Aim of the task: Every line of the material below in which "dimtxsty" shows up is to be located and copied.

------------------------------------------------------------

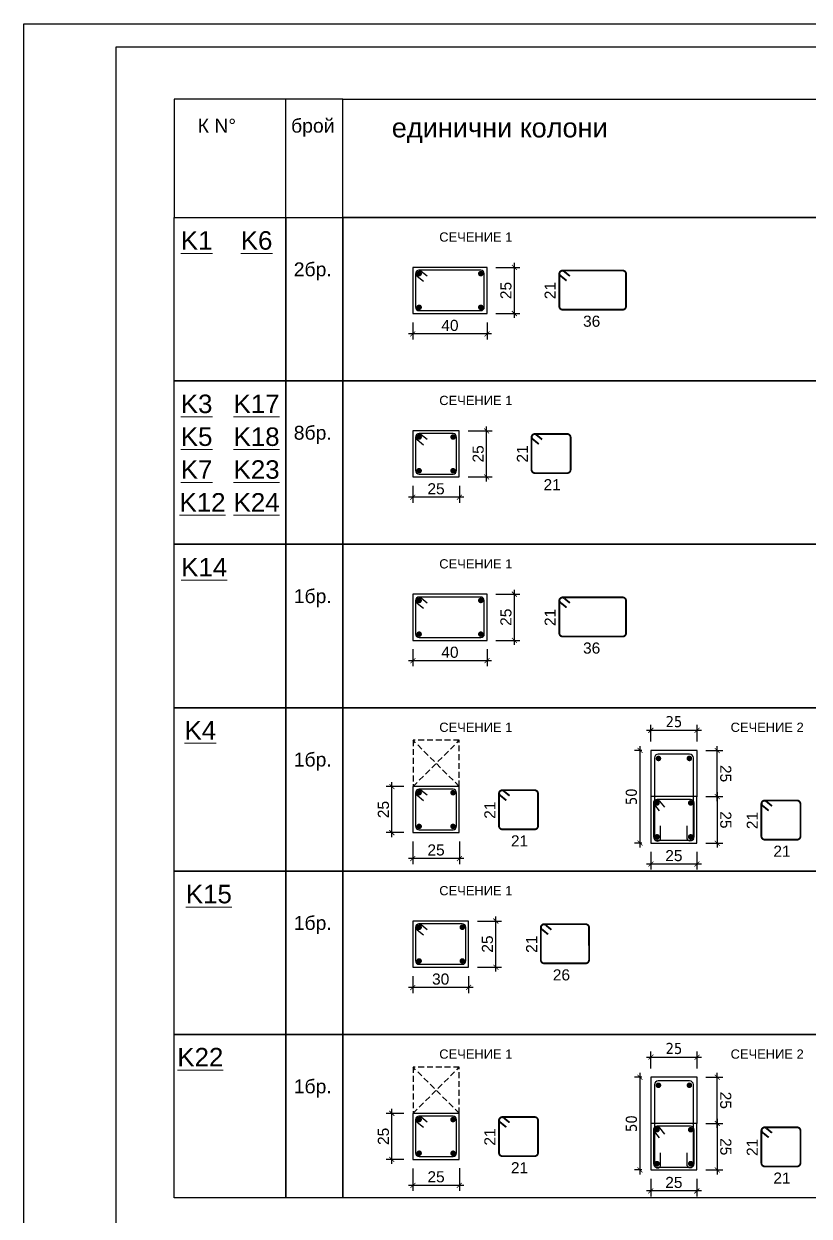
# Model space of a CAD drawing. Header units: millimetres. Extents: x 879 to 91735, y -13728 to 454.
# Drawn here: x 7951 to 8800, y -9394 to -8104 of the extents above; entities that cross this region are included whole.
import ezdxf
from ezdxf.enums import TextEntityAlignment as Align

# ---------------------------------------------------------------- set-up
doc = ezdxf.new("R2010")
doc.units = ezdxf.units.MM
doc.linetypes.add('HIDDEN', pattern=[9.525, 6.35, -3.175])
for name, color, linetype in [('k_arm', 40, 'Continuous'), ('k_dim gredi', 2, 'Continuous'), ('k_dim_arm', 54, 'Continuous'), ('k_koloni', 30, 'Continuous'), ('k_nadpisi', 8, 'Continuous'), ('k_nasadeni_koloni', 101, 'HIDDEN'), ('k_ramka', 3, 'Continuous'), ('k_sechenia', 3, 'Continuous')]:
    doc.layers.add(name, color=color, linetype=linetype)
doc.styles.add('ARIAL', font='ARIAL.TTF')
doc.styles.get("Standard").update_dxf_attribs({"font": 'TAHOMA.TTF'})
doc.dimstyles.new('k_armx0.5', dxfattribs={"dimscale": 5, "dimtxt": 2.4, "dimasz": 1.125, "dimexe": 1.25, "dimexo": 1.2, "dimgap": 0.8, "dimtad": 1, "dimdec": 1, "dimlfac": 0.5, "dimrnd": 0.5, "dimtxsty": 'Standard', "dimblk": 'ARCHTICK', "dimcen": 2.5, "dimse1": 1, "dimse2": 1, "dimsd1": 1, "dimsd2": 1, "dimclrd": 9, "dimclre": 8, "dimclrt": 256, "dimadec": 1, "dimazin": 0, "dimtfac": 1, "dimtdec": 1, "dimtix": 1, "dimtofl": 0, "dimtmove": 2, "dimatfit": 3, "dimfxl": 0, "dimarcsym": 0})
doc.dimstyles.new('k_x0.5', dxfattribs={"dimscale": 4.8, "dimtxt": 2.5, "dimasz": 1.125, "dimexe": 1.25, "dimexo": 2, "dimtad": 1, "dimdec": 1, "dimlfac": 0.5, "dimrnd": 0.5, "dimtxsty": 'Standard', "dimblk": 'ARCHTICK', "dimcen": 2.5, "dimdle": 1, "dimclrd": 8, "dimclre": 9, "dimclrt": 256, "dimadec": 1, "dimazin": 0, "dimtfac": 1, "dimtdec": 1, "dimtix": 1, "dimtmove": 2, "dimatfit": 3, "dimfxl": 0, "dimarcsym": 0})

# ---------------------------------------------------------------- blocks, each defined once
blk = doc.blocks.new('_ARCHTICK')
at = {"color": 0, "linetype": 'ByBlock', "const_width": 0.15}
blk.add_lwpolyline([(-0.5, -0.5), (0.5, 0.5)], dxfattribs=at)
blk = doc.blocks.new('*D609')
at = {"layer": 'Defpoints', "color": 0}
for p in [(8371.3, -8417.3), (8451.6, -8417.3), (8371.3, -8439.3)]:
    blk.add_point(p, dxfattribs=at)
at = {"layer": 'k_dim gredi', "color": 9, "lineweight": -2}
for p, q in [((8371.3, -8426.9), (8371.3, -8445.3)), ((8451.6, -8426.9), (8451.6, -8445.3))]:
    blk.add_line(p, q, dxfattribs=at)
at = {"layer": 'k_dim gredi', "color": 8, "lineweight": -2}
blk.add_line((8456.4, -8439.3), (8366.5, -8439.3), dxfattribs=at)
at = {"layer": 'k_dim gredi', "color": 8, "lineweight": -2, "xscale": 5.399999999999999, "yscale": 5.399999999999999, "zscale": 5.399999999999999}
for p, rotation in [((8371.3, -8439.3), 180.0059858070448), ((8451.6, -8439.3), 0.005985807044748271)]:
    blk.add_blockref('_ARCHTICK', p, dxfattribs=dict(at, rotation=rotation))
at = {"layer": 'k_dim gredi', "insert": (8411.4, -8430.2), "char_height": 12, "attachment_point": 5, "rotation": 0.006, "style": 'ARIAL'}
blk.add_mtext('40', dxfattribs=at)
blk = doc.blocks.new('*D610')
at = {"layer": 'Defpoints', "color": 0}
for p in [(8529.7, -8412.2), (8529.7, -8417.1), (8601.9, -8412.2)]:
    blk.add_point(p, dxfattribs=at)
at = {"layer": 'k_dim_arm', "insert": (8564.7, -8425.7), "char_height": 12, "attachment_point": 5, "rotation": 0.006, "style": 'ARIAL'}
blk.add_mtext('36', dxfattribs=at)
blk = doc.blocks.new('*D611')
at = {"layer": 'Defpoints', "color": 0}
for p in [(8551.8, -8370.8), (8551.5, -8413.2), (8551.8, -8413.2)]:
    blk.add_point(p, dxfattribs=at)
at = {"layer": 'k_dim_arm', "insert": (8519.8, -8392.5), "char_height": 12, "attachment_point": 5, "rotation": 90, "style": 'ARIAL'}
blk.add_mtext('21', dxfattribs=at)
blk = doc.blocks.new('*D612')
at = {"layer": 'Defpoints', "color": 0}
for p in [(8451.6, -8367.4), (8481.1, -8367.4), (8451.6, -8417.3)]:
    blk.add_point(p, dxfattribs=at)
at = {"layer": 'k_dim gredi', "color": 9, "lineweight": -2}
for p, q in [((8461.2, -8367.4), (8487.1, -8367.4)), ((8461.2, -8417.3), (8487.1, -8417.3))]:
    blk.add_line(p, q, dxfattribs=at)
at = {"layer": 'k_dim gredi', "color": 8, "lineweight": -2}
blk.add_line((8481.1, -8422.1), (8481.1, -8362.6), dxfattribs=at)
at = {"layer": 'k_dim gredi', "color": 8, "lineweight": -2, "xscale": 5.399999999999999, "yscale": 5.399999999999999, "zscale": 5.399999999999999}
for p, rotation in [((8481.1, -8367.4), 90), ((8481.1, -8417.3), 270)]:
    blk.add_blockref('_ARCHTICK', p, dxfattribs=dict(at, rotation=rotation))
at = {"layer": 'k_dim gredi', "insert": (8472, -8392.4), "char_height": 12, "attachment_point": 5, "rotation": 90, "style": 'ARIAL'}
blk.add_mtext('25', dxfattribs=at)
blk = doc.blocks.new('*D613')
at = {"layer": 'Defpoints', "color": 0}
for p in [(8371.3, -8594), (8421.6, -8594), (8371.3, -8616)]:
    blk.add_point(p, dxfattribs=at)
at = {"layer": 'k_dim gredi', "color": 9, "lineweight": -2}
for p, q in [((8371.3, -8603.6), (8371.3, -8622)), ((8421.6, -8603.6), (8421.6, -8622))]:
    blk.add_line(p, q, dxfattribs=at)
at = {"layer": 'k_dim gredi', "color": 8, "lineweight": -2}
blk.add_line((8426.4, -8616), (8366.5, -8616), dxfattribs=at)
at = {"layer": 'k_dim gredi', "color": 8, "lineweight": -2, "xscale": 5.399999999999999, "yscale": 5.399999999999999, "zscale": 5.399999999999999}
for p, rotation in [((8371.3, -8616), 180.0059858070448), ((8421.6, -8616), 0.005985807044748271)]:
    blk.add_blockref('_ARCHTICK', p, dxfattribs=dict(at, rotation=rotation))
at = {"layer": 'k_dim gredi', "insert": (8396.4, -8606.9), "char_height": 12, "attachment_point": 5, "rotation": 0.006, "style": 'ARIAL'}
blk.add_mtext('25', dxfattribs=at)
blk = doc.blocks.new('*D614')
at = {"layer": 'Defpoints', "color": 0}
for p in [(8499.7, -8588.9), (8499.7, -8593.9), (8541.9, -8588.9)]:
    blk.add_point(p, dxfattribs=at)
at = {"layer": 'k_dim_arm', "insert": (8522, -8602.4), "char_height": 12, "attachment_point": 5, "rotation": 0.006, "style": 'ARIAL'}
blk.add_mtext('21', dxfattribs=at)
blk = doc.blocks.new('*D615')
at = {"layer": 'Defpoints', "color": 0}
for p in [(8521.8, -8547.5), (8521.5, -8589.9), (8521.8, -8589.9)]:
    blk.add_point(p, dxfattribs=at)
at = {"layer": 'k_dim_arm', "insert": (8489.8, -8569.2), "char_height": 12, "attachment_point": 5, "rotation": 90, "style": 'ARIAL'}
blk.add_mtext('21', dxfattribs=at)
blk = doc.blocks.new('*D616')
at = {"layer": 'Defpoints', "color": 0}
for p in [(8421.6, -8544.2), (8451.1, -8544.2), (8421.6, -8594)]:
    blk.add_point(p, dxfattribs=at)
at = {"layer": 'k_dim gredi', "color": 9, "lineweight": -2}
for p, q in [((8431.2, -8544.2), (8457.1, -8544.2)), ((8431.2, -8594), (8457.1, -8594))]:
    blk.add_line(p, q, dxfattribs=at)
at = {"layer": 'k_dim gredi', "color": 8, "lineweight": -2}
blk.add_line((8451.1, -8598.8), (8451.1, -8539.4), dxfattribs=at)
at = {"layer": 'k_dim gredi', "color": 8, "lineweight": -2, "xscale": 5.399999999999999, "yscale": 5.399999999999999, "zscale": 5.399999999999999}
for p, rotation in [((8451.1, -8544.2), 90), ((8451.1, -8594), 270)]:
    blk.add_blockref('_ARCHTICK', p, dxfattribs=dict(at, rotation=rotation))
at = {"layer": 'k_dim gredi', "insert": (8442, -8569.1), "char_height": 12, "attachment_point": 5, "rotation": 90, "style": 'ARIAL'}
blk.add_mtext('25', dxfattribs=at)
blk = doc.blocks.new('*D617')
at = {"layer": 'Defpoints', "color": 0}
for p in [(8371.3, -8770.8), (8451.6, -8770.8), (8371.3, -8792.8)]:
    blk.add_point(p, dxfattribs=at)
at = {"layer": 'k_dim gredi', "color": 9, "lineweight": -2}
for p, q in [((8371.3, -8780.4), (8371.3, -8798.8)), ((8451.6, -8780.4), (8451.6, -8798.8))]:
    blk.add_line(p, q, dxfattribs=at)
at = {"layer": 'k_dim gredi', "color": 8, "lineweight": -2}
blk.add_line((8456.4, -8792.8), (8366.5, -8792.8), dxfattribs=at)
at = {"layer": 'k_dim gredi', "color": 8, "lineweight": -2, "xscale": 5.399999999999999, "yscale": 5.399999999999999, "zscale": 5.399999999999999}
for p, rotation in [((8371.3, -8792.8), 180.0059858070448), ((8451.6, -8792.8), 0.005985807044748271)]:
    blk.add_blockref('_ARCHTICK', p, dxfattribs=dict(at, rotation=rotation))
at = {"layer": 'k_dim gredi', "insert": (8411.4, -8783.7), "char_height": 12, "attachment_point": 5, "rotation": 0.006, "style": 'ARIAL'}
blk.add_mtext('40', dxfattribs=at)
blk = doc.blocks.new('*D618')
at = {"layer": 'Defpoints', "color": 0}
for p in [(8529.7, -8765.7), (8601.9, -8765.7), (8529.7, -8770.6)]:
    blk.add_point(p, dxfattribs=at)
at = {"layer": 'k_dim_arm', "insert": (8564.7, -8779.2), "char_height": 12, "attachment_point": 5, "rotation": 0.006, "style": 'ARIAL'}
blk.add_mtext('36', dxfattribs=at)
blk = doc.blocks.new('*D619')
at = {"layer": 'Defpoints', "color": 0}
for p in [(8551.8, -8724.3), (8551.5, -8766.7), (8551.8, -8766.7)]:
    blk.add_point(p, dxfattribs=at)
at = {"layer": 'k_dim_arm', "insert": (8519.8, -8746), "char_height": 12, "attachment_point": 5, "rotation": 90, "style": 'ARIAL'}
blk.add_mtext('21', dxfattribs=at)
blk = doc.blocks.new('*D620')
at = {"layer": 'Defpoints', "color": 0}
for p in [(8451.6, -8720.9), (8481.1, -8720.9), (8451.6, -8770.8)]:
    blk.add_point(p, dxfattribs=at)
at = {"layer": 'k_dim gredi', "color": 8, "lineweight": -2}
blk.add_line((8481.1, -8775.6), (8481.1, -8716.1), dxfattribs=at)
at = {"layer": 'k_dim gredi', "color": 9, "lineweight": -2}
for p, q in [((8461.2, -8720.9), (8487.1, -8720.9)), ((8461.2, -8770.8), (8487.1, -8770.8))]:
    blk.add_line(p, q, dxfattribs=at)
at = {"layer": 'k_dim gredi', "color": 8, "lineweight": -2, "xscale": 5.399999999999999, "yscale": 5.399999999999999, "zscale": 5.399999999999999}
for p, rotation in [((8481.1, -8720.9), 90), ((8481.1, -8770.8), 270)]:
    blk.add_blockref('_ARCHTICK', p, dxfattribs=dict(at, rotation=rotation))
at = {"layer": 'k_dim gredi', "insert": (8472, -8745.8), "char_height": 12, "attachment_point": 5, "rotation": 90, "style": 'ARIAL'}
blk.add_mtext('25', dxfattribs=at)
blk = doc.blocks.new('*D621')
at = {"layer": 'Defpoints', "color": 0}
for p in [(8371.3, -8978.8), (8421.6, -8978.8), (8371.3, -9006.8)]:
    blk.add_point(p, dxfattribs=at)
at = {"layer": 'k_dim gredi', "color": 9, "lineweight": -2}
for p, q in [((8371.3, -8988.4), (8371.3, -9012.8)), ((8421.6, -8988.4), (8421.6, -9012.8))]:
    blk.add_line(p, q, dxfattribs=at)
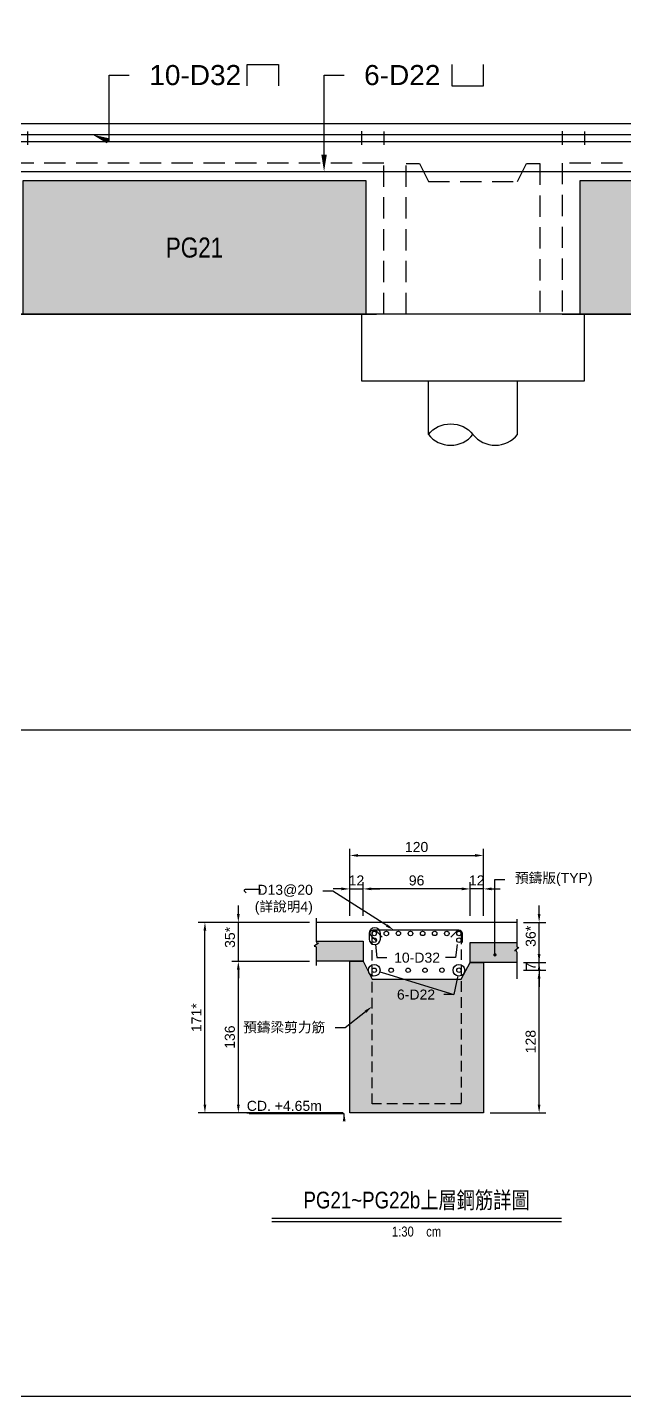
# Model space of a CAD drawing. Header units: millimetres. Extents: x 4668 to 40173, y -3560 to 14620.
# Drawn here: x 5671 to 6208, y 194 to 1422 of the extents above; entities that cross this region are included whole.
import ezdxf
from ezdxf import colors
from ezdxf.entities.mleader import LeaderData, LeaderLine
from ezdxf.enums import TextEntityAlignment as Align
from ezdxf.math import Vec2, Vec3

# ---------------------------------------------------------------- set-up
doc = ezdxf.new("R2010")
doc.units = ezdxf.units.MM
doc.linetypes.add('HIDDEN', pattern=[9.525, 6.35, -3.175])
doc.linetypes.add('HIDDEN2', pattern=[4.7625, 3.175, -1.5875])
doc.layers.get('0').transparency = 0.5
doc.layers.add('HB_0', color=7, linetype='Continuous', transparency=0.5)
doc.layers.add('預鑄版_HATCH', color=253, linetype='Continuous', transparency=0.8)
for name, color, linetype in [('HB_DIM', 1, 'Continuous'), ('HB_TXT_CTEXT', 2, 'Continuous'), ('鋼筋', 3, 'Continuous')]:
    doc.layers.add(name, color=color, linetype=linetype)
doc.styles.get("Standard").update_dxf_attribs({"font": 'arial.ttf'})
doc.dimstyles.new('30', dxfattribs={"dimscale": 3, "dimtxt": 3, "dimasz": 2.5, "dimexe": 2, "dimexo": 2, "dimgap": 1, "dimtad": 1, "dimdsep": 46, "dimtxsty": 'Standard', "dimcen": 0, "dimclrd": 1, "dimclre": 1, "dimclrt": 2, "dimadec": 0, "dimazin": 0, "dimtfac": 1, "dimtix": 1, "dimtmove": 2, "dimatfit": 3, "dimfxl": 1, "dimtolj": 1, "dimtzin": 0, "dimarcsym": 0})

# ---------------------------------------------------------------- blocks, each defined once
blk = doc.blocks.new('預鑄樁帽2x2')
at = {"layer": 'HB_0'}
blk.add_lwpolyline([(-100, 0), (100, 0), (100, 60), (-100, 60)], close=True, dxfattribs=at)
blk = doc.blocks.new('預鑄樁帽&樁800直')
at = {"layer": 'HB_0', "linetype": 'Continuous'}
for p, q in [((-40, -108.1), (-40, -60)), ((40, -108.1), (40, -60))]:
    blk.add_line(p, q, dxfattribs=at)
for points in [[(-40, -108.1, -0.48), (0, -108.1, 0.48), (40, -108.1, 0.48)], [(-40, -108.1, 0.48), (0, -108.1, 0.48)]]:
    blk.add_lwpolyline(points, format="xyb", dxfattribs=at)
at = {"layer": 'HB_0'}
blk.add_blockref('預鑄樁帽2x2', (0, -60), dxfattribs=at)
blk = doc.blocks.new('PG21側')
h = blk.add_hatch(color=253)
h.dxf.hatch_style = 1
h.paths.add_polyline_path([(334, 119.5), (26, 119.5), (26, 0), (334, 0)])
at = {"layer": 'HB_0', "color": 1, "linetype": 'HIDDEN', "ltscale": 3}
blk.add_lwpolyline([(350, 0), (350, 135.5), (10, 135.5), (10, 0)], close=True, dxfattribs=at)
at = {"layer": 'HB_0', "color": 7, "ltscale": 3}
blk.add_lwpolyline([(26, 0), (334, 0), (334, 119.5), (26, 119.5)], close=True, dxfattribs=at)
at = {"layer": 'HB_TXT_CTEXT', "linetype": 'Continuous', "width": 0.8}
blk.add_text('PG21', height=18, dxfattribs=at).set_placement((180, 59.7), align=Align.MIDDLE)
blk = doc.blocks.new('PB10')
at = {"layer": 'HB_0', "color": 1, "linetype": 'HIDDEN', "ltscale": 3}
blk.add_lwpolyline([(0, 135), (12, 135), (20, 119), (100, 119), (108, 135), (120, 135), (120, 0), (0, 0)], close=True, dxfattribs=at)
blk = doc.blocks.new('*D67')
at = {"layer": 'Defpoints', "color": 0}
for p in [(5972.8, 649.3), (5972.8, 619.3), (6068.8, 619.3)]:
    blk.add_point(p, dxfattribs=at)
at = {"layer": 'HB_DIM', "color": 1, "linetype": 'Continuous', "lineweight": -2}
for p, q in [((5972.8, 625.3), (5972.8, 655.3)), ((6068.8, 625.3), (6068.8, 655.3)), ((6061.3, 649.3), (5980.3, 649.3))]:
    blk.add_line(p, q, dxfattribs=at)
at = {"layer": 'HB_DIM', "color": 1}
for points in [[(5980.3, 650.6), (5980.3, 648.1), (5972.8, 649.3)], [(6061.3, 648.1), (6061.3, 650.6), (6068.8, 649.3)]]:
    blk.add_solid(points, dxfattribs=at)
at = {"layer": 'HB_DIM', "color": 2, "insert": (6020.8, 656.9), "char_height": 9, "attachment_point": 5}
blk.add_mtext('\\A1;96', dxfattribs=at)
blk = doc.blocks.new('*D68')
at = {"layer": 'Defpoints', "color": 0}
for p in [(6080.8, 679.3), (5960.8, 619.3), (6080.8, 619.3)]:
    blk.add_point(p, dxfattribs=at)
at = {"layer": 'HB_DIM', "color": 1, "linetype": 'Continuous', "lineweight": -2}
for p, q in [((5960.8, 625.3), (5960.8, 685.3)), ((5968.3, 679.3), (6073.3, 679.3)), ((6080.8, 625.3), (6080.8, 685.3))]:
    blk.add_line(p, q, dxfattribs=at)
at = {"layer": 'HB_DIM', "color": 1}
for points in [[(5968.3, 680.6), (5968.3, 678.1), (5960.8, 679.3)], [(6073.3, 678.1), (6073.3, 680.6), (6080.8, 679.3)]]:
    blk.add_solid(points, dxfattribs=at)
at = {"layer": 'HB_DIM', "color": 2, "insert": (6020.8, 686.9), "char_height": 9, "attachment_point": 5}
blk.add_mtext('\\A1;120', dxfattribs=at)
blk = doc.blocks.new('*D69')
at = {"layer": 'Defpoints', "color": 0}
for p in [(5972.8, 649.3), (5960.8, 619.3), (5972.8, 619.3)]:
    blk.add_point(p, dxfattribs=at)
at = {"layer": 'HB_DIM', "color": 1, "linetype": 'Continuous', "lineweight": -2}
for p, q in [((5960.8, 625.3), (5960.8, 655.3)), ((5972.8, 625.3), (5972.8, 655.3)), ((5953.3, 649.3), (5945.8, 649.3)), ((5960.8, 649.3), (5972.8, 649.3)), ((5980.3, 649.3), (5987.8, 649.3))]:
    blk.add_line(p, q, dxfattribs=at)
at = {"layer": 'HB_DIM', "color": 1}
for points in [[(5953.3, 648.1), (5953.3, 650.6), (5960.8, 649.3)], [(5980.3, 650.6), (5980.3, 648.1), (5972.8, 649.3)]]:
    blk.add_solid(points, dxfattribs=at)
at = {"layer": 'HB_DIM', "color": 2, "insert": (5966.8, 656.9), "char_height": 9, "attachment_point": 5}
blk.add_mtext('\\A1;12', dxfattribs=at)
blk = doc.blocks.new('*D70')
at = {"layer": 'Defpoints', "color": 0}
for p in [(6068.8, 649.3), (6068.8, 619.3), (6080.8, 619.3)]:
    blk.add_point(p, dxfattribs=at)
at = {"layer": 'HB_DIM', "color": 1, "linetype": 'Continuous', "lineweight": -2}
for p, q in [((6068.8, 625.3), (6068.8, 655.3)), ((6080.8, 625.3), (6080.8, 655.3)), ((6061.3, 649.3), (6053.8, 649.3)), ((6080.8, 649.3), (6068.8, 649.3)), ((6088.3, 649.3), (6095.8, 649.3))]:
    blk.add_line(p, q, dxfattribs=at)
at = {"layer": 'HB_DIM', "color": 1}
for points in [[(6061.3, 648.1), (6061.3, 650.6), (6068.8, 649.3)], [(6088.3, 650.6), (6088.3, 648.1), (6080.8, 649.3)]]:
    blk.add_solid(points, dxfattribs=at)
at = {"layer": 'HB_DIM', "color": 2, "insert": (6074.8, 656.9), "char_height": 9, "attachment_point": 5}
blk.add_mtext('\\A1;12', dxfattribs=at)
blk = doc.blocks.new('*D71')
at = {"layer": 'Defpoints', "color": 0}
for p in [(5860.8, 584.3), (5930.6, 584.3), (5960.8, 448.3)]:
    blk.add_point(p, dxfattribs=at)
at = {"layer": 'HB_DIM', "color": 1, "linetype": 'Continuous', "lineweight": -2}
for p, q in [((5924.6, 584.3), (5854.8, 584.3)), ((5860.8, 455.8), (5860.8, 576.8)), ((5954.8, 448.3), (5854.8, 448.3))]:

------------------------------------------------------------

Answer for the task:
doc.dimstyles.new('k_armx0.5', dxfattribs={"dimscale": 5, "dimtxt": 2.4, "dimasz": 1.125, "dimexe": 1.25, "dimexo": 1.2, "dimgap": 0.8, "dimtad": 1, "dimdec": 1, "dimlfac": 0.5, "dimrnd": 0.5, "dimtxsty": 'Standard', "dimblk": 'ARCHTICK', "dimcen": 2.5, "dimse1": 1, "dimse2": 1, "dimsd1": 1, "dimsd2": 1, "dimclrd": 9, "dimclre": 8, "dimclrt": 256, "dimadec": 1, "dimazin": 0, "dimtfac": 1, "dimtdec": 1, "dimtix": 1, "dimtofl": 0, "dimtmove": 2, "dimatfit": 3, "dimfxl": 0, "dimarcsym": 0})
doc.dimstyles.new('k_x0.5', dxfattribs={"dimscale": 4.8, "dimtxt": 2.5, "dimasz": 1.125, "dimexe": 1.25, "dimexo": 2, "dimtad": 1, "dimdec": 1, "dimlfac": 0.5, "dimrnd": 0.5, "dimtxsty": 'Standard', "dimblk": 'ARCHTICK', "dimcen": 2.5, "dimdle": 1, "dimclrd": 8, "dimclre": 9, "dimclrt": 256, "dimadec": 1, "dimazin": 0, "dimtfac": 1, "dimtdec": 1, "dimtix": 1, "dimtmove": 2, "dimatfit": 3, "dimfxl": 0, "dimarcsym": 0})
doc.dimstyles.new('30', dxfattribs={"dimscale": 3, "dimtxt": 3, "dimasz": 2.5, "dimexe": 2, "dimexo": 2, "dimgap": 1, "dimtad": 1, "dimdsep": 46, "dimtxsty": 'Standard', "dimcen": 0, "dimclrd": 1, "dimclre": 1, "dimclrt": 2, "dimadec": 0, "dimazin": 0, "dimtfac": 1, "dimtix": 1, "dimtmove": 2, "dimatfit": 3, "dimfxl": 1, "dimtolj": 1, "dimtzin": 0, "dimarcsym": 0})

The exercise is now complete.